For a reader with no knowledge of the Herrera-Santo Domingo family, it would be difficult to know what conclusions to draw from the conflicting evidence presented in this case. If in the second hearing the majority confirmed the converso origins of Gabriel Sedeño's mother, some witnesses did not, and the corregidor's speech put the motives of all the adverse witnesses in doubt. However, in this case the majority was correct. The amount and degree of perjury, most obviously in the first trial but also in the second, is striking. That the more humble citizens might not know the origins of Juan de Herrera is credible, but it is highly doubtful that maestrescuela Antonio de Covarrubias, the corregidor, or the secretary of the Inquisition, who had access to all the inquisition documents, would not know the truth. Possibly they were all bribed, or possibly they wanted to help a fellow traveler, or to express their dislike of the pure blood statutes. While it might be argued that the statutes created a nation of perjurers, they did not keep conversos out of public offices or the military orders.

By the 1590s the Herrera family could boast a member in two institutions that had pure blood statutes, but is their experience an exception or the norm? In the case of enforcement of pure blood statutes in the Toledo city council, their experience appears to be typical. The Herreras retained their office of regidor until 1629, when this branch of the family died out. The Franco and Hurtado families also continued on as regidores into the seventeenth century. While the office occupied by Diego Hurtado was eliminated when he died in 1567, it was re-created in the form of a new office known as the depositario-general that was bought by another converso, Juan Sánchez de Cisneros, for 2,500 ducats.51 Francisco Sánchez de Toledo had no children, so the continuity of this family ended with his death. With the military orders things were a bit riskier. One can cite more deserving candidates than Gabriel Sedeño who were refused a habit because of their tainted lineage,52 but Gabriel Sedeño was not the only Toledo converso to boast a military habit, even before the opening up initiated by the Count-Duke of Olivares in the seventeenth century.

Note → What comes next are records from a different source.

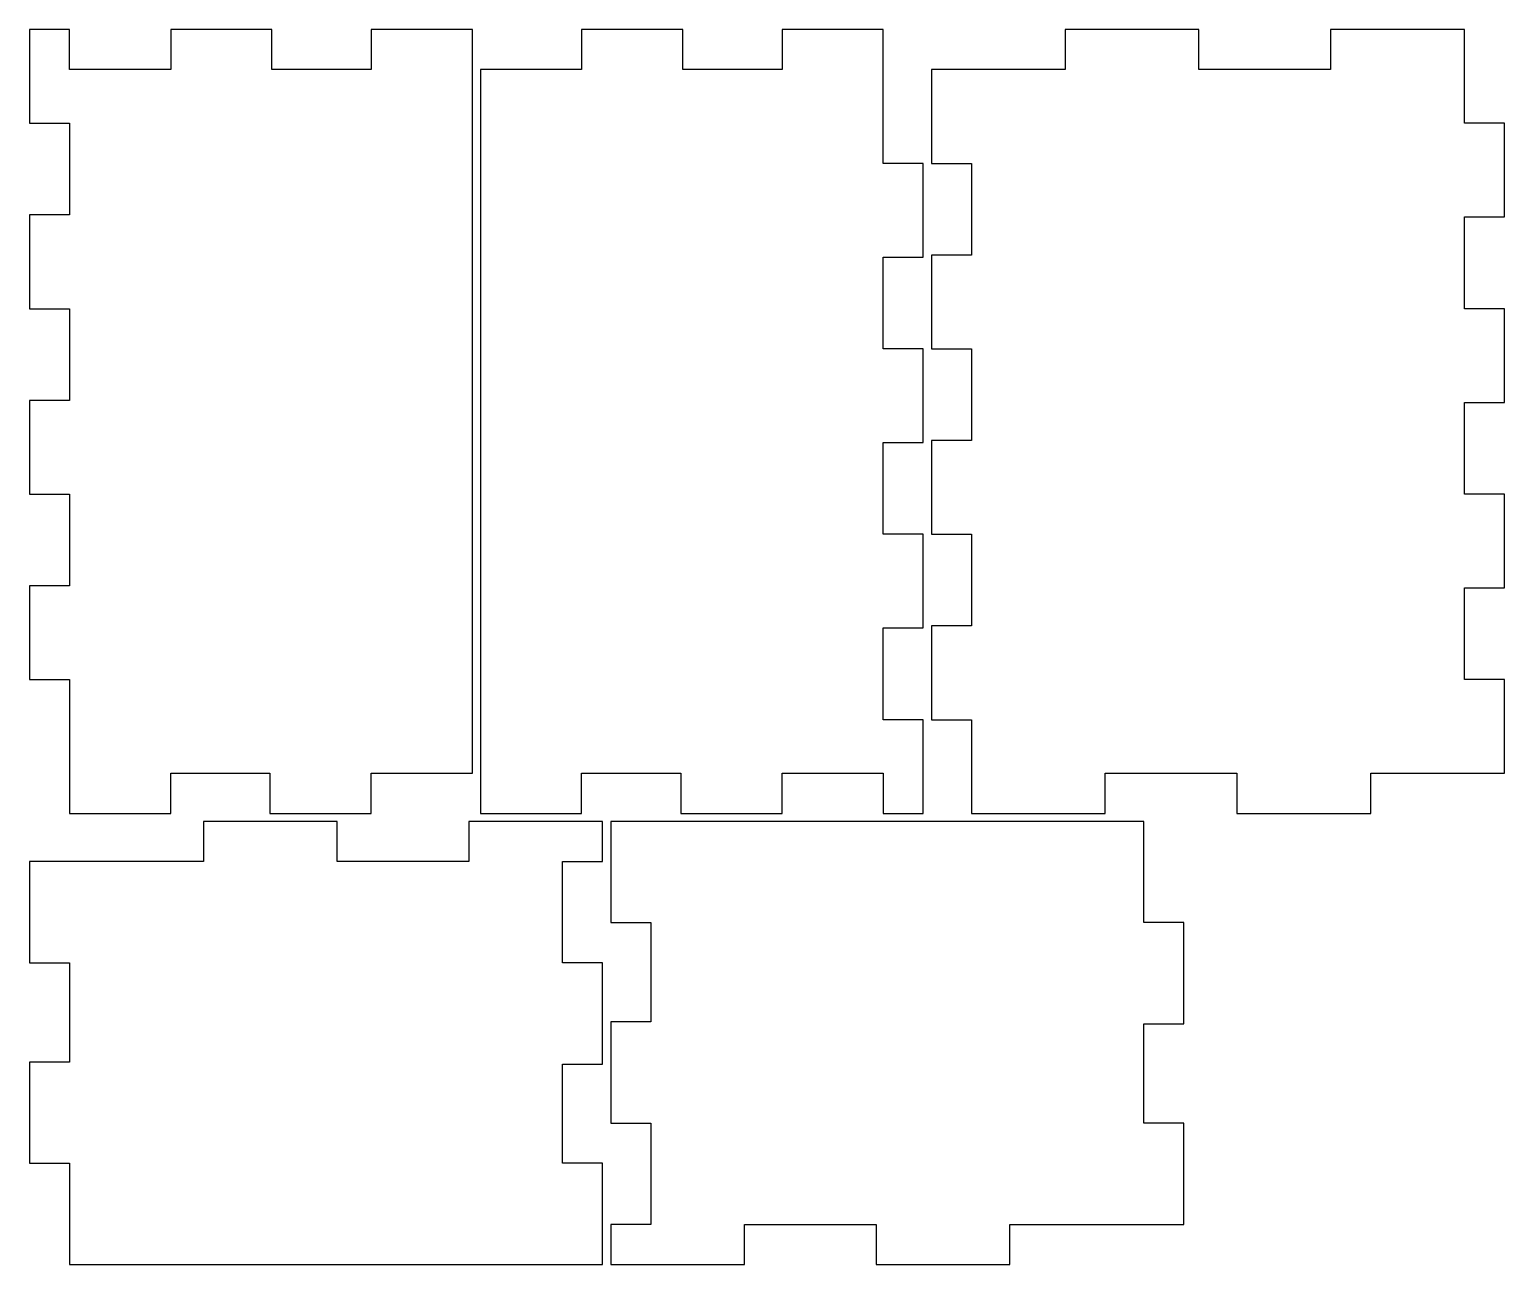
# Model space of a CAD drawing. Header units: metres. Extents: x 0 to 147, y 0 to 123.
import ezdxf

# ---------------------------------------------------------------- set-up
doc = ezdxf.new("R2010")
doc.units = ezdxf.units.M

msp = doc.modelspace()

# ---------------------------------------------------------------- linework, layer by layer
for p, q in [((3.9, 123.1), (-0.1, 123.1)), ((-0.1, 123.1), (-0.1, 113.75)), ((3.9, 119.1), (3.9, 123.1)), ((24.1, 123.1), (14, 123.1)), ((14, 123.1), (14, 119.1)), ((24.1, 119.1), (24.1, 123.1)), ((44.1, 123.1), (34, 123.1)), ((34, 123.1), (34, 119.1)), ((44.1, 48.9), (44.1, 123.1)), ((65.1, 123.1), (55, 123.1)), ((55, 123.1), (55, 119.1)), ((65.1, 119.1), (65.1, 123.1)), ((85.1, 123.1), (75, 123.1)), ((75, 123.1), (75, 119.1)), ((85.1, 109.75), (85.1, 123.1)), ((116.6, 123.1), (103.25, 123.1)), ((103.25, 123.1), (103.25, 119.1)), ((116.6, 119.1), (116.6, 123.1)), ((143.1, 123.1), (129.75, 123.1)), ((129.75, 123.1), (129.75, 119.1)), ((143.1, 113.75), (143.1, 123.1)), ((14, 119.1), (3.9, 119.1)), ((34, 119.1), (24.1, 119.1)), ((55, 119.1), (44.9, 119.1)), ((44.9, 119.1), (44.9, 44.9)), ((75, 119.1), (65.1, 119.1)), ((103.25, 119.1), (89.9, 119.1)), ((89.9, 119.1), (89.9, 109.75)), ((129.75, 119.1), (116.6, 119.1)), ((-0.1, 113.75), (3.9, 113.75)), ((3.9, 113.75), (3.9, 104.6)), ((147.1, 113.75), (143.1, 113.75)), ((147.1, 104.4), (147.1, 113.75)), ((89.1, 109.75), (85.1, 109.75)), ((89.1, 100.4), (89.1, 109.75)), ((89.9, 109.75), (93.9, 109.75)), ((93.9, 109.75), (93.9, 100.6)), ((3.9, 104.6), (-0.1, 104.6)), ((-0.1, 104.6), (-0.1, 95.25)), ((143.1, 95.25), (143.1, 104.4)), ((143.1, 104.4), (147.1, 104.4)), ((85.1, 91.25), (85.1, 100.4)), ((85.1, 100.4), (89.1, 100.4)), ((93.9, 100.6), (89.9, 100.6)), ((89.9, 100.6), (89.9, 91.25)), ((-0.1, 95.25), (3.9, 95.25)), ((3.9, 95.25), (3.9, 86.1)), ((147.1, 95.25), (143.1, 95.25)), ((147.1, 85.9), (147.1, 95.25)), ((89.1, 91.25), (85.1, 91.25)), ((89.1, 81.9), (89.1, 91.25)), ((89.9, 91.25), (93.9, 91.25)), ((93.9, 91.25), (93.9, 82.1)), ((3.9, 86.1), (-0.1, 86.1)), ((-0.1, 86.1), (-0.1, 76.75)), ((143.1, 76.75), (143.1, 85.9)), ((143.1, 85.9), (147.1, 85.9)), ((85.1, 72.75), (85.1, 81.9)), ((85.1, 81.9), (89.1, 81.9)), ((93.9, 82.1), (89.9, 82.1)), ((89.9, 82.1), (89.9, 72.75)), ((-0.1, 76.75), (3.9, 76.75)), ((3.9, 76.75), (3.9, 67.6)), ((147.1, 76.75), (143.1, 76.75)), ((147.1, 67.4), (147.1, 76.75)), ((89.1, 72.75), (85.1, 72.75)), ((89.1, 63.4), (89.1, 72.75)), ((89.9, 72.75), (93.9, 72.75)), ((93.9, 72.75), (93.9, 63.6)), ((3.9, 67.6), (-0.1, 67.6)), ((-0.1, 67.6), (-0.1, 58.25)), ((143.1, 58.25), (143.1, 67.4)), ((143.1, 67.4), (147.1, 67.4)), ((85.1, 54.25), (85.1, 63.4)), ((85.1, 63.4), (89.1, 63.4)), ((93.9, 63.6), (89.9, 63.6)), ((89.9, 63.6), (89.9, 54.25)), ((-0.1, 58.25), (3.9, 58.25)), ((3.9, 58.25), (3.9, 44.9)), ((147.1, 58.25), (143.1, 58.25)), ((147.1, 48.9), (147.1, 58.25)), ((89.1, 54.25), (85.1, 54.25)), ((89.1, 44.9), (89.1, 54.25)), ((89.9, 54.25), (93.9, 54.25)), ((93.9, 54.25), (93.9, 44.9)), ((14, 48.9), (23.9, 48.9)), ((14, 44.9), (14, 48.9)), ((23.9, 48.9), (23.9, 44.9)), ((34, 44.9), (34, 48.9)), ((34, 48.9), (44.1, 48.9)), ((55, 48.9), (64.9, 48.9)), ((55, 44.9), (55, 48.9)), ((64.9, 48.9), (64.9, 44.9)), ((75, 44.9), (75, 48.9)), ((75, 48.9), (85.1, 48.9)), ((85.1, 48.9), (85.1, 44.9)), ((107.25, 48.9), (120.4, 48.9)), ((107.25, 44.9), (107.25, 48.9)), ((120.4, 48.9), (120.4, 44.9)), ((133.75, 44.9), (133.75, 48.9)), ((133.75, 48.9), (147.1, 48.9)), ((3.9, 44.9), (14, 44.9)), ((23.9, 44.9), (34, 44.9)), ((44.9, 44.9), (55, 44.9)), ((64.9, 44.9), (75, 44.9)), ((85.1, 44.9), (89.1, 44.9)), ((93.9, 44.9), (107.25, 44.9)), ((120.4, 44.9), (133.75, 44.9)), ((30.6, 44.1), (17.25, 44.1)), ((17.25, 44.1), (17.25, 40.1)), ((30.6, 40.1), (30.6, 44.1)), ((57.1, 44.1), (43.75, 44.1)), ((43.75, 44.1), (43.75, 40.1)), ((57.1, 40.1), (57.1, 44.1)), ((111.1, 44.1), (57.9, 44.1)), ((57.9, 44.1), (57.9, 34)), ((111.1, 34), (111.1, 44.1)), ((17.25, 40.1), (-0.1, 40.1)), ((-0.1, 40.1), (-0.1, 30)), ((43.75, 40.1), (30.6, 40.1)), ((53.1, 30), (53.1, 40.1)), ((53.1, 40.1), (57.1, 40.1)), ((57.9, 34), (61.9, 34)), ((61.9, 34), (61.9, 24.1)), ((115.1, 34), (111.1, 34)), ((115.1, 23.9), (115.1, 34)), ((-0.1, 30), (3.9, 30)), ((3.9, 30), (3.9, 20.1)), ((57.1, 30), (53.1, 30)), ((57.1, 19.9), (57.1, 30)), ((61.9, 24.1), (57.9, 24.1)), ((57.9, 24.1), (57.9, 14)), ((111.1, 14), (111.1, 23.9)), ((111.1, 23.9), (115.1, 23.9)), ((3.9, 20.1), (-0.1, 20.1)), ((-0.1, 20.1), (-0.1, 10)), ((53.1, 10), (53.1, 19.9)), ((53.1, 19.9), (57.1, 19.9)), ((57.9, 14), (61.9, 14)), ((61.9, 14), (61.9, 3.9)), ((115.1, 14), (111.1, 14)), ((115.1, 3.9), (115.1, 14)), ((-0.1, 10), (3.9, 10)), ((3.9, 10), (3.9, -0.1)), ((57.1, 10), (53.1, 10)), ((57.1, -0.1), (57.1, 10)), ((61.9, 3.9), (57.9, 3.9)), ((57.9, 3.9), (57.9, -0.1)), ((71.25, 3.9), (84.4, 3.9)), ((71.25, -0.1), (71.25, 3.9)), ((84.4, 3.9), (84.4, -0.1)), ((97.75, -0.1), (97.75, 3.9)), ((97.75, 3.9), (115.1, 3.9)), ((3.9, -0.1), (57.1, -0.1)), ((57.9, -0.1), (71.25, -0.1)), ((84.4, -0.1), (97.75, -0.1))]:
    msp.add_line(p, q)

doc.saveas('drawing.dxf')

However one chooses to interpret the pure blood statutes, their effectiveness in keeping conversos out of desirable institutions or corporations is as questionable in the sixteenth century as it was in the fifteenth century. This is not to say that the statutes were without effect. As the seventeenth century wore on, men like Juan de Herrera, Sr., proud of their accomplishments and their middle-class or citizen status, slowly faded from view. The deteriorating economic conditions in Castile from 1580 onward certainly played a role in this process, but so too did the values embodied in the pure blood statutes. The statutes imposed on the Toledo city council in the 1560s clearly imputed pure blood to the noble regidores, whose numbers were increased, and impure blood to the citizen regidores, who suffered a reduction in number and a genealogical search of their origins. While it is true that many citizen regidores were conversos, so too were some noble regidores. The message being sent by the Crown was not just that nobility was admirable and conferred acceptable lineage, but that the citizen estate was onerous, filled with men of dubious lineage who occupied themselves with crass activities. This prejudice is also evident in the 1594 accusations against Juan de Herrera, Sr., who was maligned for his early business activities and the demeaning physical labor of sweeping shop floors. By 1650, citizen regidores were a thing of the past in the Toledo city council, and nearly all the regidores were members of a military order or familiares of the Inquisition. The irony is that many of these men were descendants of those against whom the pure blood statutes were aimed. For a variety of reasons, in the seventeenth century they chose to seek the titles and adopt the lifestyle that had come to be associated with pure blood.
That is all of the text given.